Still have a few more American Persimmon and a couple more Sassafras tiny logs to mill, but there is always another day. BTW, today was almost 66* here in Arkansas....probably bad weather right around the corner?





Scott (photo's are funner-no it ain't a word) B


----------



## SDB777 (Jan 19, 2015)

Well, sliced these into 'useable' blanks that I'll put on my website....

Just endgrain photo's, but it's all that is really needed to be able to tell what will come from these once they get turned.













Doesn't look like much for y'all I know....but these will someday become turkey slate calls and maybe a duck or predator call.

Scott (maybe I'll be making a few too) B


----------



## 1ruralmailman (Jan 20, 2015)

do you wax dip them,or stabilize them?or dont you get much loss from cracking on these?


----------



## IanB22 (Jan 20, 2015)

beautiful stuff. 
I want to make a mallet or some kind of woodworking tool out of persimmon but it's hard to find up here in NE.
Really beautiful stuff.


----------



## SDB777 (Jan 20, 2015)

1ruralmailman said:


> do you wax dip them,or stabilize them?or dont you get much loss from cracking on these?



Don't usually need to do anything to them. I sell them faster enough.....




IanB22 said:


> beautiful stuff.
> I want to make a mallet or some kind of woodworking tool out of persimmon but it's hard to find up here in NE.
> Really beautiful stuff.



How big a chunk you need? I have some 'half round' blanks I was going to make into bowls. I have more then enough to turn...


Scott (persimmon everywhere here...big too) B


----------



## pete_86 (Jan 28, 2015)

Nice, how do you get these exotic, atleast to me, types?

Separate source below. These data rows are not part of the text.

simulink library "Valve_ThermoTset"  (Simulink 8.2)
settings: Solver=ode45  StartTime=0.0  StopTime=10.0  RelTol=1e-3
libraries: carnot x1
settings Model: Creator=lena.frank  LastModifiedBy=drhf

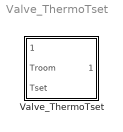
== system Valve_ThermoTset ==
  Valve_ThermoTset : Subsystem  mask(thermostatic valve){p=3, op=0.5, bl=10, ts=30, dia=0.02, vpos=[0 0.1 1], vqua=[1e6 1e6 1]}
      mask prompts: p "proportional Range [K]"; op "operating point [0..1] (valve position at set temperature)"; bl "play hysteresis []"; ts "first-order hold ts [s]"; dia "diameter [m]"; vpos "Valve position vector [0..1]"; vqua "Vector with quadratic pressure drop in massflow in Pa*s²/kg²"
      mask help:
      | Thermostatic valve for a radiator.
      | set temperature and slope
      | valve position = -slope * (T(sensor) - Toffset)
      mask init:
      | % p=1/p;
      | % op = min(1, max(0, op));
      | % tu = max(tu,0);
      | % ts = max(ts,0);
      | % dia = max(dia, 0.001);
      | %
      mask Help: web(fullfile(path_carnot('help'),'Valve_Thermostatic.html'),'-helpbrowser')
      mask Display:
      | plot(-30,-10,130,110,[20,80,80,20,20],[60,30,60,30,60],[50,50],[45,70],[60,40],[96,96],[50,50],[75,96])
      | port_label('input',1,'THB')
      | port_label('input',2,'Troom')
      | port_label('input',3,'Tset')
      | port_label('output',1,'THB')

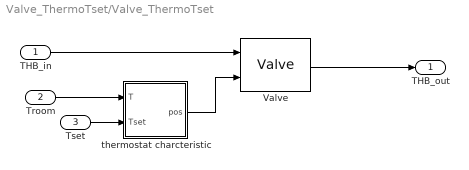
== system Valve_ThermoTset/Valve_ThermoTset ==
  THB_in : Inport
  Troom : Inport  Port=2
  Tset : Inport  Port=3
  Valve : carnot/Hydraulics/Valve  pos_values=vpos  dp_values=vqua
  thermostat charcteristic : Subsystem
  THB_out : Outport
  wires:
  thermostat charcteristic/1(pos) -> Valve/2
  Valve/1 -> THB_out/1
  THB_in/1 -> Valve/1
  Tset/1 -> thermostat charcteristic/2(Tset)
  Troom/1 -> thermostat charcteristic/1(T)

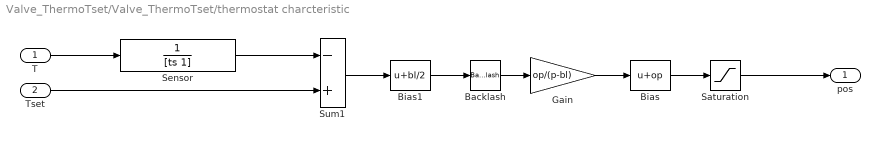
== system Valve_ThermoTset/Valve_ThermoTset/thermostat charcteristic ==
  T : Inport
  Tset : Inport  Port=2
  Backlash : Backlash  BacklashWidth=bl
  Bias : Bias  Bias=op
  Bias1 : Bias  Bias=bl/2
  Gain : Gain  Gain=op/(p-bl)
  Saturation : Saturate  UpperLimit=1  LowerLimit=0
  Sensor : TransferFcn  Denominator=[ts 1]
  Sum1 : Sum  Inputs=-+  SaturateOnIntegerOverflow=on  InputSameDT=on  OutDataTypeStr=Inherit: Same as first input
  pos : Outport  InitialOutput=0
  wires:
  Sensor/1 -> Sum1/1
  Bias1/1 -> Backlash/1
  Gain/1 -> Bias/1
  Backlash/1 -> Gain/1
  Sum1/1 -> Bias1/1
  Saturation/1 -> pos/1
  Bias/1 -> Saturation/1
  T/1 -> Sensor/1
  Tset/1 -> Sum1/2

You have them local? For me, I wouldn't even know what their names were. I could have them here in NY and it'd beat me.


----------



## qbilder (Jan 28, 2015)

That's some great looking persimmon. I have been on the watch for a good persimmon log but no luck. Great logs, just little or no color. Yours look great.


----------



## SDB777 (Jan 31, 2015)

It's not going to fit.....White Walnut/Butternut is just a little too big.






Looks like I'll need to 'trim' it up some with the Stihl 064 and Alaskan, just not sure which way I want to go about it yet.... Thinking on it for a few. After all, there are three major crotches and I can only hope to get the cut right in order to get the best figuring out of this one. I will probably drag the other short logs out in the upcoming weeks just to keep them from rotting on the side of the road(it's amazing what can go to waste).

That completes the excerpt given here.